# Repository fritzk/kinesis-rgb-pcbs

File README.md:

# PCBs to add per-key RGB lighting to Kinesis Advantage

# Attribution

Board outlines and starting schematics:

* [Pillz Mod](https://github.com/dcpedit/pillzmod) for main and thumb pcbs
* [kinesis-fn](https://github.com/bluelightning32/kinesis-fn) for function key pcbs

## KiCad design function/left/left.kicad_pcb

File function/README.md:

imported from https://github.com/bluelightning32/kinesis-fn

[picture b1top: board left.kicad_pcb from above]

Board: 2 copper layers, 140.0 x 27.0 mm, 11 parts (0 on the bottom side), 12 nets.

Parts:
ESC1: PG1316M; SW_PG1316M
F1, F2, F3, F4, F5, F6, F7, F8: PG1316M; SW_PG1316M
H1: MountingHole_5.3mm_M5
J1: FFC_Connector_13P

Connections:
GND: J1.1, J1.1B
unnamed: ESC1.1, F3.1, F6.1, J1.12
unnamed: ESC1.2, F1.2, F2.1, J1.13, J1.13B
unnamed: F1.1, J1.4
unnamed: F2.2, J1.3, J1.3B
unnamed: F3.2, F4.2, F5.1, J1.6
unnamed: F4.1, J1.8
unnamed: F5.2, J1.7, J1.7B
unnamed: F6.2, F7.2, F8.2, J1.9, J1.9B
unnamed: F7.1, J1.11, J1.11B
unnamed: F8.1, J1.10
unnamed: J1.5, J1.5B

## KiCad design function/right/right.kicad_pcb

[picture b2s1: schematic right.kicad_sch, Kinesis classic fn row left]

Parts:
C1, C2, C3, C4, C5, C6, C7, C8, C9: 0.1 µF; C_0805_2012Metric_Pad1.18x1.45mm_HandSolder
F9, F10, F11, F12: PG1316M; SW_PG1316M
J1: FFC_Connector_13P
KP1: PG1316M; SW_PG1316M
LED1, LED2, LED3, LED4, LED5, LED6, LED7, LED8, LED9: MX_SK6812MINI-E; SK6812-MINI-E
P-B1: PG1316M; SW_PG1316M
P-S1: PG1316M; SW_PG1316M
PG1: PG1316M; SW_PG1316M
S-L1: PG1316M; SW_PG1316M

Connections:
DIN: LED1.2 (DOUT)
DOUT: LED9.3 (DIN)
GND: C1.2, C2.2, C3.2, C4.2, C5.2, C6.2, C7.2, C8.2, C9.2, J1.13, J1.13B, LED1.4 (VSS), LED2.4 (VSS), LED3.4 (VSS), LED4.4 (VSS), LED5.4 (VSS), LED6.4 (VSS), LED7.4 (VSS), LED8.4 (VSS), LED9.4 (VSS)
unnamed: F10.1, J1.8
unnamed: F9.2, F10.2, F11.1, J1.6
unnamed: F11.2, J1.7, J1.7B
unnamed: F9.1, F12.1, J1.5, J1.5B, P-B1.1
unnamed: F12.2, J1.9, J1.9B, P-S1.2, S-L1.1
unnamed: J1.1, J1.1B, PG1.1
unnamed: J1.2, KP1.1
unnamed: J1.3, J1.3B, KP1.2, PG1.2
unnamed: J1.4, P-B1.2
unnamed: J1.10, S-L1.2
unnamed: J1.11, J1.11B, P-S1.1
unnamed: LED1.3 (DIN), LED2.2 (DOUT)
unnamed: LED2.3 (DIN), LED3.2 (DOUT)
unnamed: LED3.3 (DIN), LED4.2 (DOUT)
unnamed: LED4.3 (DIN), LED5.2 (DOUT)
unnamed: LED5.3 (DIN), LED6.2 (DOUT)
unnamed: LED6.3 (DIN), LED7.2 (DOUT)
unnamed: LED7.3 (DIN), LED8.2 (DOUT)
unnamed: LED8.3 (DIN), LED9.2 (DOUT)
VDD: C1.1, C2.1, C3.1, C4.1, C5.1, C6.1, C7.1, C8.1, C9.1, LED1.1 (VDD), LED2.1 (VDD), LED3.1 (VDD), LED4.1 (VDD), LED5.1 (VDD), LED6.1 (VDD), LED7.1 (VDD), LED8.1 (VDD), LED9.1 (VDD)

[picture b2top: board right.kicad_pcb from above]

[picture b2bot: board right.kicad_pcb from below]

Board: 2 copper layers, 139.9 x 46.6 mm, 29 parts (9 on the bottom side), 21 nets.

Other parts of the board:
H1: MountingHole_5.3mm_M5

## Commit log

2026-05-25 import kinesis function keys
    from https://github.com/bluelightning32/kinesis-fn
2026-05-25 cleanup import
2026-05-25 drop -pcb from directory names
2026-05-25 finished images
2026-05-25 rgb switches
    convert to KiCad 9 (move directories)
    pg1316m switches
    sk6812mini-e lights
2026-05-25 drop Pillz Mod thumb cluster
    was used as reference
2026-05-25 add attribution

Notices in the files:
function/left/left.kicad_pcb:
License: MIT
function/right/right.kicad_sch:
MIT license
★ ★ ★
> _What you have to do_:
Repeat all entries. Match them exactly.

> _Reply_:
# Repository fritzk/kinesis-rgb-pcbs

File README.md:

# PCBs to add per-key RGB lighting to Kinesis Advantage

# Attribution

Board outlines and starting schematics:

* [Pillz Mod](https://github.com/dcpedit/pillzmod) for main and thumb pcbs
* [kinesis-fn](https://github.com/bluelightning32/kinesis-fn) for function key pcbs

## KiCad design function/left/left.kicad_pcb

File function/README.md:

imported from https://github.com/bluelightning32/kinesis-fn

[picture b1top: board left.kicad_pcb from above]

Board: 2 copper layers, 140.0 x 27.0 mm, 11 parts (0 on the bottom side), 12 nets.

Parts:
ESC1: PG1316M; SW_PG1316M
F1, F2, F3, F4, F5, F6, F7, F8: PG1316M; SW_PG1316M
H1: MountingHole_5.3mm_M5
J1: FFC_Connector_13P

Connections:
GND: J1.1, J1.1B
unnamed: ESC1.1, F3.1, F6.1, J1.12
unnamed: ESC1.2, F1.2, F2.1, J1.13, J1.13B
unnamed: F1.1, J1.4
unnamed: F2.2, J1.3, J1.3B
unnamed: F3.2, F4.2, F5.1, J1.6
unnamed: F4.1, J1.8
unnamed: F5.2, J1.7, J1.7B
unnamed: F6.2, F7.2, F8.2, J1.9, J1.9B
unnamed: F7.1, J1.11, J1.11B
unnamed: F8.1, J1.10
unnamed: J1.5, J1.5B

## KiCad design function/right/right.kicad_pcb

[picture b2s1: schematic right.kicad_sch, Kinesis classic fn row left]

Parts:
C1, C2, C3, C4, C5, C6, C7, C8, C9: 0.1 µF; C_0805_2012Metric_Pad1.18x1.45mm_HandSolder
F9, F10, F11, F12: PG1316M; SW_PG1316M
J1: FFC_Connector_13P
KP1: PG1316M; SW_PG1316M
LED1, LED2, LED3, LED4, LED5, LED6, LED7, LED8, LED9: MX_SK6812MINI-E; SK6812-MINI-E
P-B1: PG1316M; SW_PG1316M
P-S1: PG1316M; SW_PG1316M
PG1: PG1316M; SW_PG1316M
S-L1: PG1316M; SW_PG1316M

Connections:
DIN: LED1.2 (DOUT)
DOUT: LED9.3 (DIN)
GND: C1.2, C2.2, C3.2, C4.2, C5.2, C6.2, C7.2, C8.2, C9.2, J1.13, J1.13B, LED1.4 (VSS), LED2.4 (VSS), LED3.4 (VSS), LED4.4 (VSS), LED5.4 (VSS), LED6.4 (VSS), LED7.4 (VSS), LED8.4 (VSS), LED9.4 (VSS)
unnamed: F10.1, J1.8
unnamed: F9.2, F10.2, F11.1, J1.6
unnamed: F11.2, J1.7, J1.7B
unnamed: F9.1, F12.1, J1.5, J1.5B, P-B1.1
unnamed: F12.2, J1.9, J1.9B, P-S1.2, S-L1.1
unnamed: J1.1, J1.1B, PG1.1
unnamed: J1.2, KP1.1
unnamed: J1.3, J1.3B, KP1.2, PG1.2
unnamed: J1.4, P-B1.2
unnamed: J1.10, S-L1.2
unnamed: J1.11, J1.11B, P-S1.1
unnamed: LED1.3 (DIN), LED2.2 (DOUT)
unnamed: LED2.3 (DIN), LED3.2 (DOUT)
unnamed: LED3.3 (DIN), LED4.2 (DOUT)
unnamed: LED4.3 (DIN), LED5.2 (DOUT)
unnamed: LED5.3 (DIN), LED6.2 (DOUT)
unnamed: LED6.3 (DIN), LED7.2 (DOUT)
unnamed: LED7.3 (DIN), LED8.2 (DOUT)
unnamed: LED8.3 (DIN), LED9.2 (DOUT)
VDD: C1.1, C2.1, C3.1, C4.1, C5.1, C6.1, C7.1, C8.1, C9.1, LED1.1 (VDD), LED2.1 (VDD), LED3.1 (VDD), LED4.1 (VDD), LED5.1 (VDD), LED6.1 (VDD), LED7.1 (VDD), LED8.1 (VDD), LED9.1 (VDD)

[picture b2top: board right.kicad_pcb from above]

[picture b2bot: board right.kicad_pcb from below]

Board: 2 copper layers, 139.9 x 46.6 mm, 29 parts (9 on the bottom side), 21 nets.

Other parts of the board:
H1: MountingHole_5.3mm_M5

## Commit log

2026-05-25 import kinesis function keys
    from https://github.com/bluelightning32/kinesis-fn
2026-05-25 cleanup import
2026-05-25 drop -pcb from directory names
2026-05-25 finished images
2026-05-25 rgb switches
    convert to KiCad 9 (move directories)
    pg1316m switches
    sk6812mini-e lights
2026-05-25 drop Pillz Mod thumb cluster
    was used as reference
2026-05-25 add attribution

Notices in the files:
function/left/left.kicad_pcb:
License: MIT
function/right/right.kicad_sch:
MIT license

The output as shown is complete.